Farmer organizations should prioritize outreach strategies that specifically engage women farmers, including women-only training sessions, mobile-based advisory services tailored to women's information needs, and gender-sensitive participatory design approaches (Principles 1.2, 2.1, and 4.4). Partnering with local women's cooperatives and community leaders can help overcome socio-cultural barriers and ensure women's active participation in digital agriculture (Principle 2.4).
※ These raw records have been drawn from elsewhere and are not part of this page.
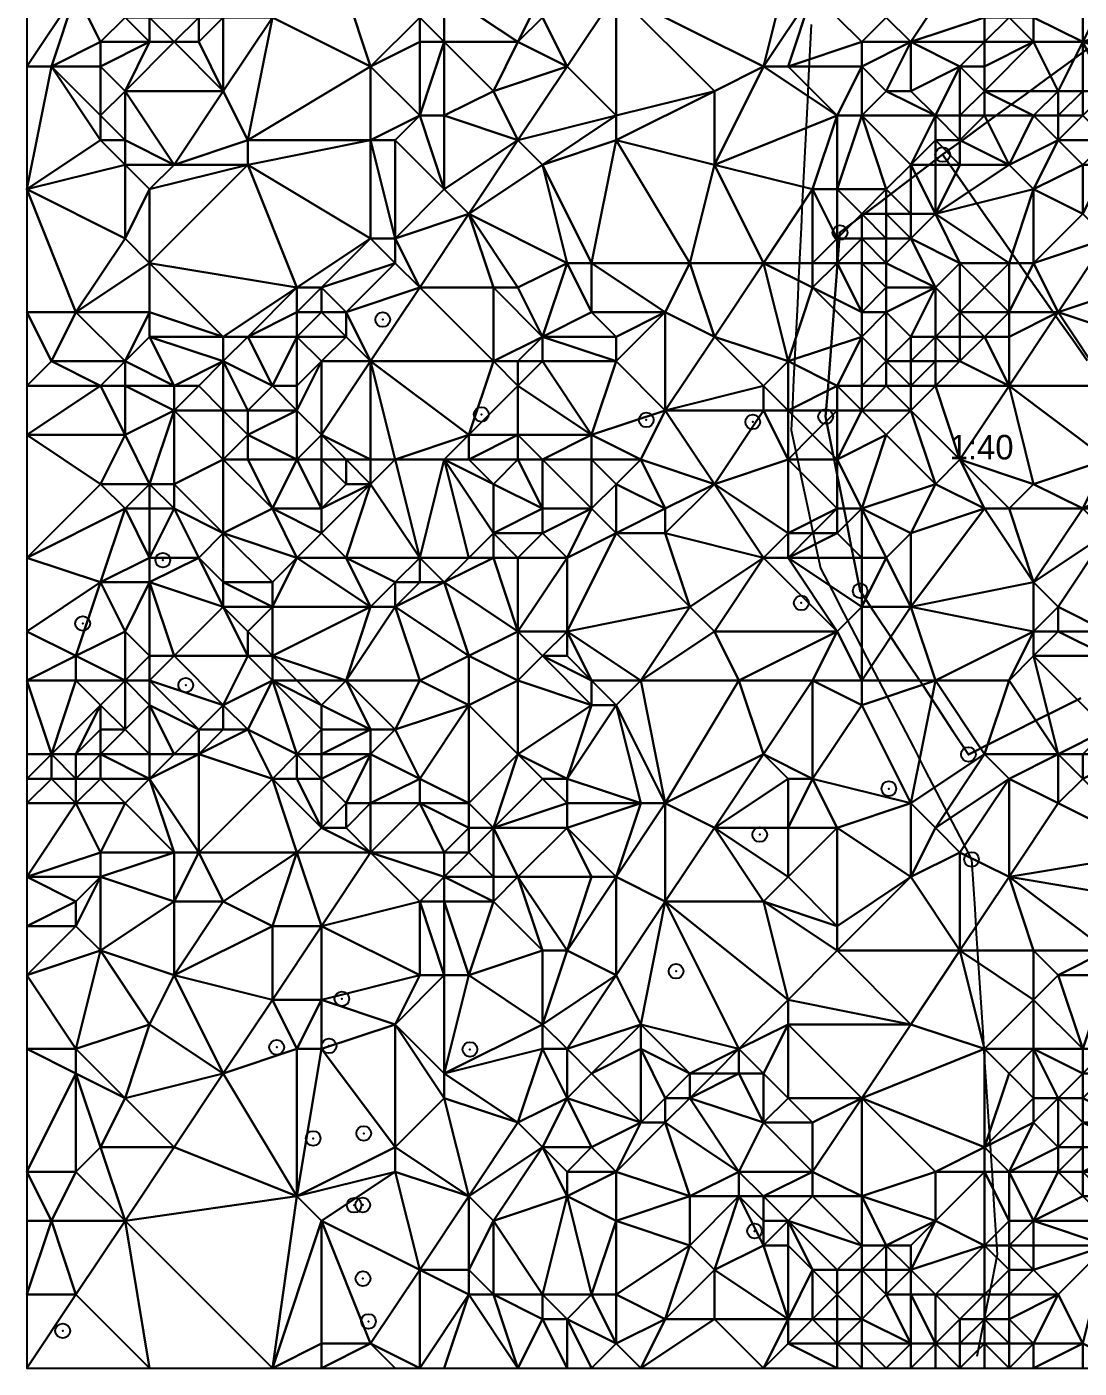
# Model space of a CAD drawing. Header units: metres. Extents: x 305150 to 305680, y 6404300 to 6404580.
# Drawn here: x 305150 to 305235.7, y 6404300 to 6404409.2 of the extents above; entities that cross this region are included whole.
import ezdxf

# ---------------------------------------------------------------- set-up
doc = ezdxf.new("R2010")
doc.units = ezdxf.units.M
for name, color, linetype in [('GRANSPUNKTER', 1, 'Continuous'), ('TERRANG', 8, 'Continuous'), ('TOMTBETECKNINGAR', 3, 'Continuous'), ('TOMTER_1945', 1, 'Continuous')]:
    doc.layers.add(name, color=color, linetype=linetype)

msp = doc.modelspace()

# ---------------------------------------------------------------- linework, layer by layer
at = {"layer": 'GRANSPUNKTER'}
for centre in [(305224.59, 6404398.83, 7.59), (305216.23, 6404392.48, 5.75), (305178.99, 6404385.39, 2.76), (305187.02, 6404377.67, 4.86), (305200.45, 6404377.22, 5.17), (305215.06, 6404377.49, 7.33), (305209.12, 6404377.06, 5.71), (305161.08, 6404365.8, 3.5), (305217.87, 6404363.3, 7.41), (305213.08, 6404362.32, 6.61), (305154.55, 6404360.64, 2.98), (305162.94, 6404355.62, 3.77), (305226.69, 6404349.98, 8.1), (305220.21, 6404347.19, 7.54), (305209.69, 6404343.45, 7.53), (305226.94, 6404341.43, 7.72), (305202.88, 6404332.32, 7.41), (305175.66, 6404330.08, 4.78), (305170.35, 6404326.13, 4.3), (305174.61, 6404326.24, 4.66), (305186.09, 6404325.96, 6.03), (305173.32, 6404318.71, 4.42), (305177.44, 6404319.12, 4.81), (305176.66, 6404313.27, 4.65), (305177.36, 6404313.29, 4.73), (305209.27, 6404311.17, 11.72), (305177.38, 6404307.29, 4.63), (305152.92, 6404303.04, 3.96), (305177.83, 6404303.81, 4.6)]:
    msp.add_circle(centre, 0.6, dxfattribs=at)
for p in [(305224.59, 6404398.83, 7.59), (305216.23, 6404392.48, 5.75), (305178.99, 6404385.39, 2.76), (305187.02, 6404377.67, 4.86), (305200.45, 6404377.22, 5.17), (305209.12, 6404377.06, 5.71), (305215.06, 6404377.49, 7.33), (305161.08, 6404365.8, 3.5), (305217.87, 6404363.3, 7.41), (305213.08, 6404362.32, 6.61), (305154.55, 6404360.64, 2.98), (305162.94, 6404355.62, 3.77), (305226.69, 6404349.98, 8.1), (305220.21, 6404347.19, 7.54), (305209.69, 6404343.45, 7.53), (305226.94, 6404341.43, 7.72), (305202.88, 6404332.32, 7.41), (305175.66, 6404330.08, 4.78), (305170.35, 6404326.13, 4.3), (305174.61, 6404326.24, 4.66), (305186.09, 6404325.96, 6.03), (305177.44, 6404319.12, 4.81), (305173.32, 6404318.71, 4.42), (305176.66, 6404313.27, 4.65), (305177.36, 6404313.29, 4.73), (305209.27, 6404311.17, 11.72), (305177.38, 6404307.29, 4.63), (305177.83, 6404303.81, 4.6), (305152.92, 6404303.04, 3.96)]:
    msp.add_point(p, dxfattribs=at)
at = {"layer": 'TOMTER_1945'}
for points in [[(305213.87, 6404409.41, 3.37), (305213.77, 6404407.34, 3.51), (305213.67, 6404405.28, 3.63), (305213.57, 6404403.22, 3.81), (305213.47, 6404401.15, 3.99), (305213.36, 6404399.09, 4.13), (305213.26, 6404397.03, 4.26), (305213.16, 6404394.96, 4.38), (305213.06, 6404392.9, 4.65), (305212.96, 6404390.84, 4.94), (305212.86, 6404388.77, 5.25), (305212.76, 6404386.71, 5.44), (305212.66, 6404384.64, 5.61), (305212.55, 6404382.58, 5.84), (305212.45, 6404380.52, 6.05), (305212.35, 6404378.45, 6.26), (305212.25, 6404376.39, 6.37), (305212.73, 6404374.14, 6.65), (305213.2, 6404371.9, 6.79), (305213.68, 6404369.65, 6.96), (305214.15, 6404367.41, 7.02), (305214.63, 6404365.16, 6.96), (305215.58, 6404363.33, 6.99), (305216.52, 6404361.51, 7.04), (305217.47, 6404359.68, 7.11), (305218.42, 6404357.86, 7.15), (305219.36, 6404356.03, 7.17), (305220.31, 6404354.21, 7.34), (305221.26, 6404352.38, 7.52), (305222.21, 6404350.56, 7.69), (305223.15, 6404348.73, 7.84), (305224.1, 6404346.91, 7.9), (305225.05, 6404345.08, 7.79), (305225.99, 6404343.26, 7.74), (305226.94, 6404341.43, 7.77), (305227.07, 6404339.42, 7.82), (305227.2, 6404337.41, 7.86), (305227.33, 6404335.4, 7.9), (305227.46, 6404333.38, 7.91), (305227.59, 6404331.37, 8), (305227.72, 6404329.36, 8.12), (305227.85, 6404327.35, 8.24), (305227.98, 6404325.34, 8.39), (305228.12, 6404323.33, 8.57), (305228.25, 6404321.32, 8.76), (305228.38, 6404319.31, 8.95), (305228.51, 6404317.29, 9.2), (305228.64, 6404315.28, 9.37), (305228.77, 6404313.27, 9.53), (305228.9, 6404311.26, 9.71), (305229.03, 6404309.25, 9.85), (305228.61, 6404307.18, 9.97), (305228.2, 6404305.11, 10.14), (305227.78, 6404303.04, 10.34), (305227.37, 6404300.96, 10.52)], [(305235.84, 6404354.57, 9.16), (305234.01, 6404353.65, 8.98), (305232.18, 6404352.73, 8.84), (305230.35, 6404351.82, 8.57), (305228.52, 6404350.9, 8.31), (305226.69, 6404349.98, 8.15), (305225.43, 6404351.88, 8), (305224.17, 6404353.79, 7.85), (305222.91, 6404355.69, 7.66), (305221.65, 6404357.59, 7.57), (305220.39, 6404359.49, 7.51), (305219.13, 6404361.4, 7.47), (305217.87, 6404363.3, 7.46), (305217.47, 6404365.33, 7.58), (305217.07, 6404367.35, 7.67), (305216.67, 6404369.38, 7.71), (305216.26, 6404371.41, 7.7), (305215.86, 6404373.44, 7.66), (305215.46, 6404375.46, 7.54), (305215.06, 6404377.49, 7.38), (305215.23, 6404379.63, 7.28), (305215.39, 6404381.77, 7.11), (305215.56, 6404383.91, 6.92), (305215.73, 6404386.06, 6.66), (305215.9, 6404388.2, 6.5), (305216.06, 6404390.34, 6.22), (305216.23, 6404392.48, 5.8), (305217.9, 6404393.75, 6.56), (305219.57, 6404395.02, 7), (305221.25, 6404396.29, 7.26), (305222.92, 6404397.56, 7.4), (305224.59, 6404398.83, 7.64), (305226.28, 6404400.06, 7.91), (305227.97, 6404401.3, 7.97), (305229.66, 6404402.53, 7.81), (305231.36, 6404403.76, 7.63), (305233.05, 6404405, 7.57), (305234.74, 6404406.23, 7.49), (305236.43, 6404407.46, 7.5)], [(305236.43, 6404407.46, 7.5), (305234.74, 6404406.23, 7.49), (305233.05, 6404405, 7.57), (305231.36, 6404403.76, 7.63), (305229.66, 6404402.53, 7.81), (305227.97, 6404401.3, 7.97), (305226.28, 6404400.06, 7.91), (305224.59, 6404398.83, 7.64), (305225.77, 6404397.15, 8.17), (305226.94, 6404395.47, 8.58), (305228.12, 6404393.8, 8.98), (305229.3, 6404392.12, 9.33), (305230.48, 6404390.44, 9.69), (305231.65, 6404388.76, 9.97), (305232.83, 6404387.08, 10.05), (305234.01, 6404385.4, 10.05), (305235.19, 6404383.73, 9.87), (305236.36, 6404382.05, 9.69)], [(305236.36, 6404382.05, 9.69), (305235.19, 6404383.73, 9.87), (305234.01, 6404385.4, 10.05), (305232.83, 6404387.08, 10.05), (305231.65, 6404388.76, 9.97), (305230.48, 6404390.44, 9.69), (305229.3, 6404392.12, 9.33), (305228.12, 6404393.8, 8.98), (305226.94, 6404395.47, 8.58), (305225.77, 6404397.15, 8.17), (305224.59, 6404398.83, 7.64), (305222.92, 6404397.56, 7.4), (305221.25, 6404396.29, 7.26), (305219.57, 6404395.02, 7), (305217.9, 6404393.75, 6.56), (305216.23, 6404392.48, 5.8), (305216.06, 6404390.34, 6.22), (305215.9, 6404388.2, 6.5), (305215.73, 6404386.06, 6.66), (305215.56, 6404383.91, 6.92), (305215.39, 6404381.77, 7.11), (305215.23, 6404379.63, 7.28), (305215.06, 6404377.49, 7.38), (305215.46, 6404375.46, 7.54), (305215.86, 6404373.44, 7.66), (305216.26, 6404371.41, 7.7), (305216.67, 6404369.38, 7.71), (305217.07, 6404367.35, 7.67), (305217.47, 6404365.33, 7.58), (305217.87, 6404363.3, 7.46), (305219.13, 6404361.4, 7.47), (305220.39, 6404359.49, 7.51), (305221.65, 6404357.59, 7.57), (305222.91, 6404355.69, 7.66), (305224.17, 6404353.79, 7.85), (305225.43, 6404351.88, 8), (305226.69, 6404349.98, 8.15), (305228.52, 6404350.9, 8.31), (305230.35, 6404351.82, 8.57), (305232.18, 6404352.73, 8.84), (305234.01, 6404353.65, 8.98), (305235.84, 6404354.57, 9.16)]]:
    msp.add_polyline3d(points, dxfattribs=at)

# ---------------------------------------------------------------- texts
at = {"layer": 'TOMTBETECKNINGAR'}
msp.add_text('1:40', height=2, dxfattribs=at).set_placement((305225.16, 6404374, 8.88))

# ---------------------------------------------------------------- meshes
at = {"layer": 'TERRANG'}
mesh = msp.add_polyface(dxfattribs=at)
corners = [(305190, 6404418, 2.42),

Action for smallholder farmers

Smallholder farmers can take a proactive approach to leveraging digital technologies for sustainable performance. By actively seeking and experimenting with digital tools, farmers can identify solutions tailored to their specific needs, addressing environmental and social issues associated with traditional farming practices. Participation in extension service training programs can enhance their IT skills (Principle 2.4), leading to increased productivity and more sustainable agricultural practices. Women farmers, in particular, can benefit from forming peer networks to share digital knowledge, participating in digital literacy programs, and advocating for their specific needs in the design and implementation of digital tools. If smallholders use these principles to negotiate their rights with tool developers and proactively seek tools that meet their needs, then they will take one more step into the digital world.

Action for policymakers

Policymakers must prioritize developing enabling infrastructure, particularly internet connectivity in remote areas, to harness the transformative potential of digital technologies in agriculture (Principle 2.3). Investing in training and education programs can equip smallholders with the necessary skills to use digital tools effectively. For women farmers, connectivity extends beyond physical infrastructure to include affordability and access, making subsidized data plans a crucial policy consideration. Conditional subsidies could be implemented where women farmers receive financial support for purchasing smartphones or digital services upon completing digital literacy training to ensure that access and knowledge-building happen simultaneously. Stringent rules on data collection, storage, and processing, such as in the EU General Data Protection Regulation, should also be considered to ensure that farmers’ personal and sensitive information is securely handled and protected (Principles 5.1 and 6.3). Providing incentives and subsidies can help overcome financial barriers, facilitating technology adoption and contributing to a more sustainable and efficient food systems.